Ouverture des établissements libres : l'Apel satisfaite de la décision du Conseil constitutionnel

L'Apel se félicite de la censure décidée par le Conseil constitutionnel à l'égard de la loi qui habilitait le gouvernement à prendre par ordonnance des mesures pour modifier les conditions d'ouverture des établissements privés.

Le gouvernement souhaitait en effet imposer une autorisation administrative préalable avant toute ouverture d'établissement. Dès l'annonce des intentions du ministère, l'Apel a été la première à manifester sa totale opposition. 

Après avoir pris soin de demander une consultation juridique auprès de Guillaume Drago, professeur de droit public , nous avons attiré l'attention des parlementaires et leur avons donné notre analyse.

Le gouvernement ayant maintenu sa position, le texte de loi a malgré tout été définitivement adopté par le Parlement, le 22 décembre 2016. Mais, comme le souhaitait l'Apel, de nombreux parlementaires ont déposé une saisine du Conseil constitutionnel.

Le Conseil constitutionnel protège la liberté d'enseignement

Celui-ci vient de rendre son avis et nous sommes heureux de vous annoncer que l'article incriminé a été censuré. L'habilitation, que la loi avait donnée au gouvernement pour remplacer le régime d'ouverture des établissements privés, a été jugée contraire à la Constitution.

Le Conseil constitutionnel s'est prononcé sur l'article 39, figurant au sein du titre Ier de la loi, qui habilitait le Gouvernement à prendre par ordonnance les mesures nécessaires pour remplacer, dans le code de l'éducation, les régimes de déclaration d'ouverture préalable des établissements privés d'enseignement scolaire par un régime d'autorisation. 
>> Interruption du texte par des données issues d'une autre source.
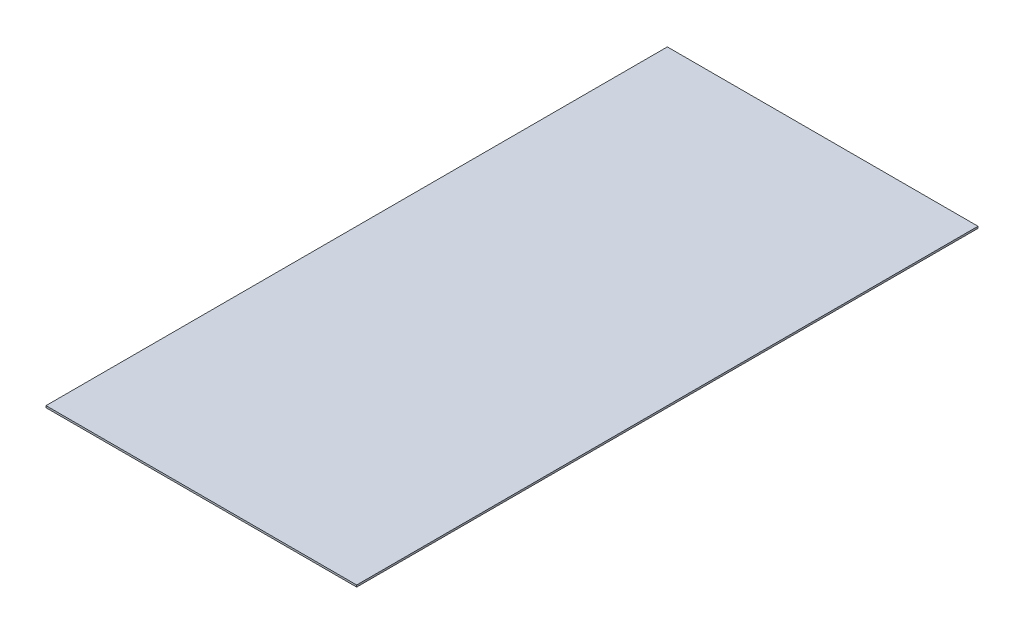
ISO-10303-21;
HEADER;
FILE_DESCRIPTION(('STEP AP214'),'2;1');
FILE_NAME('part.step','',(''),(''),'','','');
FILE_SCHEMA(('AUTOMOTIVE_DESIGN { 1 0 10303 214 1 1 1 1 }'));
ENDSEC;
DATA;
#1=APPLICATION_CONTEXT('core data for automotive mechanical design processes');
#2=APPLICATION_PROTOCOL_DEFINITION('international standard','automotive_design',2000,#1);
#3=PRODUCT_CONTEXT('',#1,'mechanical');
#4=PRODUCT('Part','Part','',(#3));
#5=PRODUCT_RELATED_PRODUCT_CATEGORY('part','',(#4));
#6=PRODUCT_DEFINITION_FORMATION('','',#4);
#7=PRODUCT_DEFINITION_CONTEXT('part definition',#1,'design');
#8=PRODUCT_DEFINITION('design','',#6,#7);
#9=PRODUCT_DEFINITION_SHAPE('','',#8);
#10=(LENGTH_UNIT() NAMED_UNIT(*) SI_UNIT(.MILLI.,.METRE.));
#11=(NAMED_UNIT(*) PLANE_ANGLE_UNIT() SI_UNIT($,.RADIAN.));
#12=(NAMED_UNIT(*) SI_UNIT($,.STERADIAN.) SOLID_ANGLE_UNIT());
#13=UNCERTAINTY_MEASURE_WITH_UNIT(LENGTH_MEASURE(1.E-05),#10,'distance_accuracy_value','');
#14=(GEOMETRIC_REPRESENTATION_CONTEXT(3) GLOBAL_UNCERTAINTY_ASSIGNED_CONTEXT((#13)) GLOBAL_UNIT_ASSIGNED_CONTEXT((#10,
#11,#12)) REPRESENTATION_CONTEXT('',''));
#15=CARTESIAN_POINT('',(0.,0.,0.));
#16=DIRECTION('',(0.,0.,1.));
#17=DIRECTION('',(1.,0.,0.));
#18=AXIS2_PLACEMENT_3D('',#15,#16,#17);
#19=CARTESIAN_POINT('',(0.,3.,0.));
#20=DIRECTION('',(1.,0.,0.));
#21=DIRECTION('',(0.,0.,-1.));
#22=AXIS2_PLACEMENT_3D('',#19,#20,#21);
#23=PLANE('',#22);
#24=DIRECTION('',(0.,0.,1.));
#25=VECTOR('',#24,1.);
#26=CARTESIAN_POINT('',(0.,0.,0.));
#27=LINE('',#26,#25);
#28=CARTESIAN_POINT('',(0.,0.,-1000.));
#29=VERTEX_POINT('',#28);
#30=CARTESIAN_POINT('',(0.,0.,0.));
#31=VERTEX_POINT('',#30);
#32=EDGE_CURVE('E96',#29,#31,#27,.T.);
#33=ORIENTED_EDGE('',*,*,#32,.T.);
#34=DIRECTION('',(0.,-1.,0.));
#35=VECTOR('',#34,1.);
#36=CARTESIAN_POINT('',(0.,3.,0.));
#37=LINE('',#36,#35);
#38=CARTESIAN_POINT('',(0.,3.,0.));
#39=VERTEX_POINT('',#38);
#40=EDGE_CURVE('E11',#39,#31,#37,.T.);
#41=ORIENTED_EDGE('',*,*,#40,.F.);
#42=DIRECTION('',(0.,0.,1.));
#43=VECTOR('',#42,1.);
#44=CARTESIAN_POINT('',(0.,3.,0.));
#45=LINE('',#44,#43);
#46=CARTESIAN_POINT('',(0.,3.,-1000.));
#47=VERTEX_POINT('',#46);
#48=EDGE_CURVE('E84',#47,#39,#45,.T.);
#49=ORIENTED_EDGE('',*,*,#48,.F.);
#50=DIRECTION('',(0.,-1.,0.));
#51=VECTOR('',#50,1.);
#52=CARTESIAN_POINT('',(0.,3.,-1000.));
#53=LINE('',#52,#51);
#54=EDGE_CURVE('E92',#47,#29,#53,.T.);
#55=ORIENTED_EDGE('',*,*,#54,.T.);
#56=EDGE_LOOP('',(#33,#41,#49,#55));
#57=FACE_BOUND('',#56,.T.);
#58=ADVANCED_FACE('F33',(#57),#23,.F.);
#59=CARTESIAN_POINT('',(0.,3.,0.));
#60=DIRECTION('',(0.,0.,-1.));
#61=DIRECTION('',(-1.,0.,0.));
#62=AXIS2_PLACEMENT_3D('',#59,#60,#61);
#63=PLANE('',#62);
#64=DIRECTION('',(1.,0.,0.));
#65=VECTOR('',#64,1.);
#66=CARTESIAN_POINT('',(0.,0.,0.));
#67=LINE('',#66,#65);
#68=CARTESIAN_POINT('',(500.,0.,0.));
#69=VERTEX_POINT('',#68);
#70=EDGE_CURVE('E88',#31,#69,#67,.T.);
#71=ORIENTED_EDGE('',*,*,#70,.T.);
#72=DIRECTION('',(0.,-1.,0.));
#73=VECTOR('',#72,1.);
#74=CARTESIAN_POINT('',(500.,3.,0.));
#75=LINE('',#74,#73);
#76=CARTESIAN_POINT('',(500.,3.,0.));
#77=VERTEX_POINT('',#76);
#78=EDGE_CURVE('E41',#77,#69,#75,.T.);
#79=ORIENTED_EDGE('',*,*,#78,.F.);
#80=DIRECTION('',(1.,0.,0.));
#81=VECTOR('',#80,1.);
#82=CARTESIAN_POINT('',(0.,3.,0.));
#83=LINE('',#82,#81);
#84=EDGE_CURVE('E79',#39,#77,#83,.T.);
#85=ORIENTED_EDGE('',*,*,#84,.F.);
#86=ORIENTED_EDGE('',*,*,#40,.T.);
#87=EDGE_LOOP('',(#71,#79,#85,#86));
#88=FACE_BOUND('',#87,.T.);
#89=ADVANCED_FACE('F87',(#88),#63,.F.);
#90=CARTESIAN_POINT('',(500.,3.,0.));
#91=DIRECTION('',(-1.,0.,0.));
#92=DIRECTION('',(0.,0.,1.));
#93=AXIS2_PLACEMENT_3D('',#90,#91,#92);
#94=PLANE('',#93);
#95=DIRECTION('',(0.,0.,-1.));
#96=VECTOR('',#95,1.);
#97=CARTESIAN_POINT('',(500.,0.,0.));
#98=LINE('',#97,#96);
#99=CARTESIAN_POINT('',(500.,0.,-1000.));
#100=VERTEX_POINT('',#99);
#101=EDGE_CURVE('E66',#69,#100,#98,.T.);
#102=ORIENTED_EDGE('',*,*,#101,.T.);
#103=DIRECTION('',(0.,-1.,0.));
#104=VECTOR('',#103,1.);
#105=CARTESIAN_POINT('',(500.,3.,-1000.));
#106=LINE('',#105,#104);
#107=CARTESIAN_POINT('',(500.,3.,-1000.));
#108=VERTEX_POINT('',#107);
#109=EDGE_CURVE('E89',#108,#100,#106,.T.);
#110=ORIENTED_EDGE('',*,*,#109,.F.);
#111=DIRECTION('',(0.,0.,-1.));
#112=VECTOR('',#111,1.);
#113=CARTESIAN_POINT('',(500.,3.,0.));
#114=LINE('',#113,#112);
#115=EDGE_CURVE('E82',#77,#108,#114,.T.);
#116=ORIENTED_EDGE('',*,*,#115,.F.);
#117=ORIENTED_EDGE('',*,*,#78,.T.);
#118=EDGE_LOOP('',(#102,#110,#116,#117));
#119=FACE_BOUND('',#118,.T.);
#120=ADVANCED_FACE('F90',(#119),#94,.F.);
#121=CARTESIAN_POINT('',(0.,3.,-1000.));
#122=DIRECTION('',(0.,0.,1.));
#123=DIRECTION('',(1.,0.,0.));
#124=AXIS2_PLACEMENT_3D('',#121,#122,#123);
#125=PLANE('',#124);
#126=DIRECTION('',(-1.,0.,0.));
#127=VECTOR('',#126,1.);
#128=CARTESIAN_POINT('',(0.,0.,-1000.));
#129=LINE('',#128,#127);
#130=EDGE_CURVE('E72',#100,#29,#129,.T.);
#131=ORIENTED_EDGE('',*,*,#130,.T.);
#132=ORIENTED_EDGE('',*,*,#54,.F.);
#133=DIRECTION('',(-1.,0.,0.));
#134=VECTOR('',#133,1.);
#135=CARTESIAN_POINT('',(0.,3.,-1000.));
#136=LINE('',#135,#134);
#137=EDGE_CURVE('E49',#108,#47,#136,.T.);
#138=ORIENTED_EDGE('',*,*,#137,.F.);
#139=ORIENTED_EDGE('',*,*,#109,.T.);
#140=EDGE_LOOP('',(#131,#132,#138,#139));
#141=FACE_BOUND('',#140,.T.);
#142=ADVANCED_FACE('F103',(#141),#125,.F.);
#143=CARTESIAN_POINT('',(0.,3.,0.));
#144=DIRECTION('',(0.,-1.,0.));
#145=DIRECTION('',(0.,0.,-1.));
#146=AXIS2_PLACEMENT_3D('',#143,#144,#145);
#147=PLANE('',#146);
#148=ORIENTED_EDGE('',*,*,#48,.T.);
#149=ORIENTED_EDGE('',*,*,#84,.T.);
#150=ORIENTED_EDGE('',*,*,#115,.T.);
#151=ORIENTED_EDGE('',*,*,#137,.T.);
#152=EDGE_LOOP('',(#148,#149,#150,#151));
#153=FACE_BOUND('',#152,.T.);
#154=ADVANCED_FACE('F80',(#153),#147,.F.);
#155=CARTESIAN_POINT('',(0.,0.,0.));
#156=DIRECTION('',(0.,-1.,0.));
#157=DIRECTION('',(0.,0.,-1.));
#158=AXIS2_PLACEMENT_3D('',#155,#156,#157);
#159=PLANE('',#158);
#160=ORIENTED_EDGE('',*,*,#32,.F.);
#161=ORIENTED_EDGE('',*,*,#130,.F.);
#162=ORIENTED_EDGE('',*,*,#101,.F.);
#163=ORIENTED_EDGE('',*,*,#70,.F.);
#164=EDGE_LOOP('',(#160,#161,#162,#163));
#165=FACE_BOUND('',#164,.T.);
#166=ADVANCED_FACE('F106',(#165),#159,.T.);
#167=CLOSED_SHELL('',(#58,#89,#120,#142,#154,#166));
#168=MANIFOLD_SOLID_BREP('B2',#167);
#169=ADVANCED_BREP_SHAPE_REPRESENTATION('',(#18,#168),#14);
#170=SHAPE_DEFINITION_REPRESENTATION(#9,#169);
ENDSEC;
END-ISO-10303-21;

Le Conseil constitutionnel a jugé que, eu égard à l'atteinte susceptible d'être portée à la liberté de l'enseignement par la mise en place d'un régime d'autorisation administrative, le législateur, en confiant au Gouvernement sans autre indication le soin de préciser « les motifs pour lesquels les autorités compétentes peuvent refuser d'autoriser l'ouverture » de tels établissements, a insuffisamment précisé les finalités des mesures susceptibles d'être prises par voie d'ordonnance. 

Le Conseil a ainsi censuré l'insuffisante précision de l'habilitation donnée au Gouvernement. Il n'a pas pris position sur le principe de la substitution d'un régime d'autorisation à un régime de déclaration préalable. 

 

Nous sommes très satisfaits de cette décision. L'Apel restera vigilante sur cette question Nous avons mené et mènerons toujours les combats nécessaires pour la liberté d'enseignement et donc pour une vraie liberté de choix des familles.